Note that the compiler must cooperate.
  Generate AND+JMP, pad to 32-byte boundaries, no RET, &c.
  So Native Client requires a specially modified compiler.
    Can't run just any x86 machine code.
  Does this require us to trust the *attacker's* compiler?
  No: validator will catch a cheating or broken compiler.

Why are the rules from Table 1 necessary?
  C1: executable code in memory is not writable.
  C2: binary is statically linked at zero, code starts at 64K.
  C3: all indirect jumps use the two-instruction sequence above.
  C4: binary is padded to a page boundary with one or more HLT instruction.
  C5: no instructions, or the AND/JMP pair, can span 32 bytes.
  C6/C7: direct jumps only visit instrs seen in fall-through disassembly.

Homework Q: what happens if validator gets some instruction length wrong?
  Can this lead to an exploit?
  Or just to the validator rejecting the code?

How to prevent indirect jumps outside module's code?
  Into module's data, or outside the module altogether?
  (The AND+JMP sequence only restricts the low 5 bits.)

Segmentation.
  x86-32 MMU hardware provides "segments".
  Diagram: CPU -> MMU -> memory.
  Each memory access is with respect to some "segment".
    Segment specifies base + size.
  Segments are specified by a segment selector: ptr into a segment table.
    %cs, %ds, %ss, %es, %fs, %gs
    Each instruction can specify what segment to use for accessing memory.
    Code always fetched using the %cs segment.
  Translation: (segment selector, addr) -> (segbase + addr % segsize).
  Usually base=0, size=max, so segmentation is a no-op.
  To change segment table: in Linux, modify_ldt() system call.
  To change segment selectors: "MOV %ds", etc.

Limiting code/data to module's size.
  Add a new data segment with offset=0, size=256MB.
  Add a new code segment with offset=0, size=codesize.
  Validator rejects instructions that change segment selectors.
  When runtime enters module code, set all selectors.
    Now loads/stores are restricted to module's memory.
    And jumps are restricted to modules code.
    This is the springboard.
    Trampoline is *unchecked* code the module can jump to
      that sets segment selectors to normal values.
  NaCl write-protects code pages as well.

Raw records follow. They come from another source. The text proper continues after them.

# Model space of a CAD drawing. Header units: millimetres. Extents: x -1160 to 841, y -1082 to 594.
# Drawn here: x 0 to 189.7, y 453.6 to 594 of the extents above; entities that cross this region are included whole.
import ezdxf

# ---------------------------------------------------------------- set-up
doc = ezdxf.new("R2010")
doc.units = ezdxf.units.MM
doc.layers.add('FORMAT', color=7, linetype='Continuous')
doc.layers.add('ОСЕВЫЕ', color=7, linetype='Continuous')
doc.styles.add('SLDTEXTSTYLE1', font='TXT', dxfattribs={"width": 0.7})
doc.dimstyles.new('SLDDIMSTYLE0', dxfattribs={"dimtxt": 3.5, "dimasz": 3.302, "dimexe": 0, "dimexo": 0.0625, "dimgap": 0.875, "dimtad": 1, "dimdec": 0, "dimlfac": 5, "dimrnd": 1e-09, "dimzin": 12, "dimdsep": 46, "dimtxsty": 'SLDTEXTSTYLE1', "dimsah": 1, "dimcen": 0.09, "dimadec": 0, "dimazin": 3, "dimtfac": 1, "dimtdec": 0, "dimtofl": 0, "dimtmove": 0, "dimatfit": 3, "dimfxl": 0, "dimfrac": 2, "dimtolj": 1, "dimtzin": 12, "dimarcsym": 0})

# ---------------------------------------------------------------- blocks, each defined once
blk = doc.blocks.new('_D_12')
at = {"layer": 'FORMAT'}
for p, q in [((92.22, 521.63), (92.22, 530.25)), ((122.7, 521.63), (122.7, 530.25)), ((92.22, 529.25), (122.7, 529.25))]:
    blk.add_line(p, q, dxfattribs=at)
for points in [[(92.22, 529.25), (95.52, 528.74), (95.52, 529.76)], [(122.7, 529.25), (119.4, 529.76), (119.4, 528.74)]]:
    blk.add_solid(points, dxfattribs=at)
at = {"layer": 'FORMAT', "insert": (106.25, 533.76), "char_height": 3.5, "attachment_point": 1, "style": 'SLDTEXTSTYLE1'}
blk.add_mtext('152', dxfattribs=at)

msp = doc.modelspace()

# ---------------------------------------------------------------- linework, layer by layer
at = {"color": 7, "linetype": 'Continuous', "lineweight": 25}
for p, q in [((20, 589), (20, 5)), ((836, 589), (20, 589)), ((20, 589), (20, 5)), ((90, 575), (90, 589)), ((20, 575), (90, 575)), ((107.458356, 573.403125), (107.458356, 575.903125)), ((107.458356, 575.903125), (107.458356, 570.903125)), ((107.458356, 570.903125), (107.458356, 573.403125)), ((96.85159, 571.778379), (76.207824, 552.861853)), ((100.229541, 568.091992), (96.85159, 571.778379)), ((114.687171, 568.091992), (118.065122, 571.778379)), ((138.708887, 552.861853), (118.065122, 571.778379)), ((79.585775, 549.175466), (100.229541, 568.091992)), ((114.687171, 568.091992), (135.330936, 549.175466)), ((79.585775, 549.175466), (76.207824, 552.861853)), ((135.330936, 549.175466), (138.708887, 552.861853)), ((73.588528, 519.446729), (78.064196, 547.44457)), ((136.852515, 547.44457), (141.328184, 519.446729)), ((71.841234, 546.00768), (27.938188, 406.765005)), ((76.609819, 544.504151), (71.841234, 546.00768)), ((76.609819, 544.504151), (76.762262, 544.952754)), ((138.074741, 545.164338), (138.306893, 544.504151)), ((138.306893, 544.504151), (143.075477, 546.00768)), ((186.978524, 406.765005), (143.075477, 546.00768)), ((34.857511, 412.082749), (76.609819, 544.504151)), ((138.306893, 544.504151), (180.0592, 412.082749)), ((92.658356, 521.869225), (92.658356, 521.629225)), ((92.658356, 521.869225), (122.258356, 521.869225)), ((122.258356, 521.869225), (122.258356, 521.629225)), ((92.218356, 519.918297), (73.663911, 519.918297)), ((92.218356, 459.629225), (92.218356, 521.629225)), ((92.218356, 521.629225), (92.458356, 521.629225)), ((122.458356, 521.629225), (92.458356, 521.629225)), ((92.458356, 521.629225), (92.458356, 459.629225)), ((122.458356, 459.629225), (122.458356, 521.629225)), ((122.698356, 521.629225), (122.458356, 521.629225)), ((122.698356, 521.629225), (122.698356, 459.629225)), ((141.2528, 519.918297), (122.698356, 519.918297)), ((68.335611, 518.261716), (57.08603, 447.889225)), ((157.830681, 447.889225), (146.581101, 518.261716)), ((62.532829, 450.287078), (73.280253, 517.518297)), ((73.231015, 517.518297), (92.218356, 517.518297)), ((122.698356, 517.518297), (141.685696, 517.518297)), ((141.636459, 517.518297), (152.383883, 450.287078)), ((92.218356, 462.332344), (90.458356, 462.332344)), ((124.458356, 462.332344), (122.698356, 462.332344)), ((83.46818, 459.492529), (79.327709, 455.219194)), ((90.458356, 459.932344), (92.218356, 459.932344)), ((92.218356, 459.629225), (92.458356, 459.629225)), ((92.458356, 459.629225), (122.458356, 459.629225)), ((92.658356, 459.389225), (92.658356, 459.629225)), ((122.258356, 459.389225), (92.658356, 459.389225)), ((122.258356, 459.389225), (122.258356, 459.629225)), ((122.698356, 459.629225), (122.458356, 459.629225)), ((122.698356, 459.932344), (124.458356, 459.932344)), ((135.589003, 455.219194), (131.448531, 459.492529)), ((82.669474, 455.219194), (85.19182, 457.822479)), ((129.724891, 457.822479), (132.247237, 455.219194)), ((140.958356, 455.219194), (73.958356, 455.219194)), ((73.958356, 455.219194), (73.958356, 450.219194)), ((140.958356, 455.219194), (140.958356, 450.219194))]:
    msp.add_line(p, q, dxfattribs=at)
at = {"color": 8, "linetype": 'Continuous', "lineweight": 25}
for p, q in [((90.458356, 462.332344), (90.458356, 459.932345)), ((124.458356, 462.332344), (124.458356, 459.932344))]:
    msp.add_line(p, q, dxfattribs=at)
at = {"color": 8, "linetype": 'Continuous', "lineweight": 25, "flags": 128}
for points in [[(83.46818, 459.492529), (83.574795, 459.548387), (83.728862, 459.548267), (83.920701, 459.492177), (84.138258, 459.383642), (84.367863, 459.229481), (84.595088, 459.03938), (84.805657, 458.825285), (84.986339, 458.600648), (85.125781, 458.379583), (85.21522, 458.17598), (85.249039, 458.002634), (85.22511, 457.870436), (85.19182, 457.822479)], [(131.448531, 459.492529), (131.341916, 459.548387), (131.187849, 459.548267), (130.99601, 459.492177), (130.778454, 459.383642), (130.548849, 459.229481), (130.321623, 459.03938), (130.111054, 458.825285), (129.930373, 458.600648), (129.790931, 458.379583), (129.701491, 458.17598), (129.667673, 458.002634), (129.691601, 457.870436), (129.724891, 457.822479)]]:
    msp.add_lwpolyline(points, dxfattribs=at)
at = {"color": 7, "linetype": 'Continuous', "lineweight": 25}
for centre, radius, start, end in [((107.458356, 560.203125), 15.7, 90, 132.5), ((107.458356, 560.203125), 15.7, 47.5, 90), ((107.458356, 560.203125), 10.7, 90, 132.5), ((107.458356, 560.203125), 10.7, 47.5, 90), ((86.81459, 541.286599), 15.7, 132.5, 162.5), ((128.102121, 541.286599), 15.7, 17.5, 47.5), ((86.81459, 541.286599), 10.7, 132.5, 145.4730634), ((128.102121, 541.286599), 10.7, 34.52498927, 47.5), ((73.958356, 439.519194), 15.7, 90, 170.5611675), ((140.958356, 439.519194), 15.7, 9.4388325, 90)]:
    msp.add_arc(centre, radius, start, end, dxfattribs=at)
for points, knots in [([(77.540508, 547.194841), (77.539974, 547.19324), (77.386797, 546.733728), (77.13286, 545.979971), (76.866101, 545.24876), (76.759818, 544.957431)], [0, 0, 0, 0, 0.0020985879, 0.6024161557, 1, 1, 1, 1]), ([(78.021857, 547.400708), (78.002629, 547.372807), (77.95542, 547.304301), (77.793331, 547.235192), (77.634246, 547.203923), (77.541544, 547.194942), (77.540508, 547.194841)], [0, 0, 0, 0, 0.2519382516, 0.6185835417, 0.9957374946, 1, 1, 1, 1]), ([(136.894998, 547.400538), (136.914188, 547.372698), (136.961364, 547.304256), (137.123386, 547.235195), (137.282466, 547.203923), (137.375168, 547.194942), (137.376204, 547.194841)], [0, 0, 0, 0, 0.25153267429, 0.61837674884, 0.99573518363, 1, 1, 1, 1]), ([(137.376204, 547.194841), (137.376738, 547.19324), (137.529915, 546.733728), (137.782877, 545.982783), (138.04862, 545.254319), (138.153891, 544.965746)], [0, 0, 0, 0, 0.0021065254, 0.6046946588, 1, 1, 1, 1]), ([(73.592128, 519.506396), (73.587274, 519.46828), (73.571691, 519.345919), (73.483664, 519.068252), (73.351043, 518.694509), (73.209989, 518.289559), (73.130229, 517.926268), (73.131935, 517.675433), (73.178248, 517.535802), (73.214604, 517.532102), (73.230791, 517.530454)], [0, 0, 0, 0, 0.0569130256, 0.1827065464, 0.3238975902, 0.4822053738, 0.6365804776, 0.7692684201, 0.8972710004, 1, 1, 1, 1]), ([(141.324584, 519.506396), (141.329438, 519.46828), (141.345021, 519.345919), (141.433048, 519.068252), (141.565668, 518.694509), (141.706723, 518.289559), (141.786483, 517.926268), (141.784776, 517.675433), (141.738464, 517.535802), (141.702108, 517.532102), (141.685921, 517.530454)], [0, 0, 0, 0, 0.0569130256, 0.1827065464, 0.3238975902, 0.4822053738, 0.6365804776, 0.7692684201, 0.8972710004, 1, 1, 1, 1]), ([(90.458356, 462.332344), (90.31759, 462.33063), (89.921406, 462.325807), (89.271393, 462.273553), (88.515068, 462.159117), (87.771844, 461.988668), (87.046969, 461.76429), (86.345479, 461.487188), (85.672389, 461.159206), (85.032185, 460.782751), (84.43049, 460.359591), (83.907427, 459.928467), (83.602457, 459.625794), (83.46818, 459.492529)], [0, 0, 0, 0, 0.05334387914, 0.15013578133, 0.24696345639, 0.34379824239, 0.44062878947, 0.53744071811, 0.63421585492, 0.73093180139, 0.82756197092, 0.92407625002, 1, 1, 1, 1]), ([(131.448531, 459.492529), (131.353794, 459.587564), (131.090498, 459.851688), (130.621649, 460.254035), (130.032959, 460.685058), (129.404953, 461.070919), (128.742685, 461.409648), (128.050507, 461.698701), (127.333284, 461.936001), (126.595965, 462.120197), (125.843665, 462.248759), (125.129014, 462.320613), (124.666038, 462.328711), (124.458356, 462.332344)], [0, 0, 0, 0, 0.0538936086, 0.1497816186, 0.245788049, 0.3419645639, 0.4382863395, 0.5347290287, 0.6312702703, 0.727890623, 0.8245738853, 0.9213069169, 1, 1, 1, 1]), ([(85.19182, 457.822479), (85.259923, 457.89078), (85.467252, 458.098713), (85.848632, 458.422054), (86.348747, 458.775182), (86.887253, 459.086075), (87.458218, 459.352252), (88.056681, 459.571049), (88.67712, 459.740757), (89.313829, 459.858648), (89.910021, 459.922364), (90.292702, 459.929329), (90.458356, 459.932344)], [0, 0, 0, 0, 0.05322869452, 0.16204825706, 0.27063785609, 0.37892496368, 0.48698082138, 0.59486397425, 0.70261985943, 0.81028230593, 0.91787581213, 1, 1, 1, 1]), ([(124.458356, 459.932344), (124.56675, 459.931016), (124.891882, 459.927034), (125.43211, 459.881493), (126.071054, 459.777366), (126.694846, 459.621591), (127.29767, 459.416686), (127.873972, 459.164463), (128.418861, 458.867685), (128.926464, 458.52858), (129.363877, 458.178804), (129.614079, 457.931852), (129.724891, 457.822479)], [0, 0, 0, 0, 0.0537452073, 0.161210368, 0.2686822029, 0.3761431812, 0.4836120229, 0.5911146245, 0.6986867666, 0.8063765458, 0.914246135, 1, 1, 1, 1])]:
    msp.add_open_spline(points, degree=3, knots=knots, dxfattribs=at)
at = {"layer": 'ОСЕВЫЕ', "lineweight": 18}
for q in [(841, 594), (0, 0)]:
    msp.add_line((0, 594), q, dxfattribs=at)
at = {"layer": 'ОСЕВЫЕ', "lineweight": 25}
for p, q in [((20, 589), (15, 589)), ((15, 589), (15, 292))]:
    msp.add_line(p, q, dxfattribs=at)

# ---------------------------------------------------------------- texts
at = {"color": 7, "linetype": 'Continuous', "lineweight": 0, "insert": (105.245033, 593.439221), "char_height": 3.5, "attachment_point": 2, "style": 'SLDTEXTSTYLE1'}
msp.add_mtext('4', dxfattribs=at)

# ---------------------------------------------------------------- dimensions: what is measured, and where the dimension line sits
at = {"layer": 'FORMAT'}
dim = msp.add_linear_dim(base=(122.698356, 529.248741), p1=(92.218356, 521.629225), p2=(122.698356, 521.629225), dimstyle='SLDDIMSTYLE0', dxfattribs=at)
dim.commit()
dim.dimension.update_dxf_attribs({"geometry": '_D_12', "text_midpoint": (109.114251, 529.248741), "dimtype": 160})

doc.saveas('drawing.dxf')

What if the CPU has no segment hardware?
  E.g. modern AMD/Intel 64-bit CPUs.
  One possibility: run in 32-bit mode.
    AMD/Intel CPUs still support segment limits in 32-bit mode.
    Can run in 32-bit mode even on a 64-bit OS.
  Or use 64-bit mode, require compiler to generate more checks:
    Limit indirect jumps to code size.
    Limit LD/ST to 256 MB.
    Look up Google paper on 64-bit NaCl (see ref below).

What would happen if the NaCl module code had a buffer overflow?
  And overwrote a return address or function pointer?
  Any exploit must use an indirect jump.
  Indirect jumps are limited by the code segment and the AND.
  So can only jump to validator module code.
    And the code pages are write-protected.
    Thus no code injection.
    Still, a clever attacker will likely find useful code to jump to.
  However, can't escape NaCl's sandbox.
    Since an exploit can only execute checked instructions.
  Does "can't escape from sandbox" mean "no security problem"?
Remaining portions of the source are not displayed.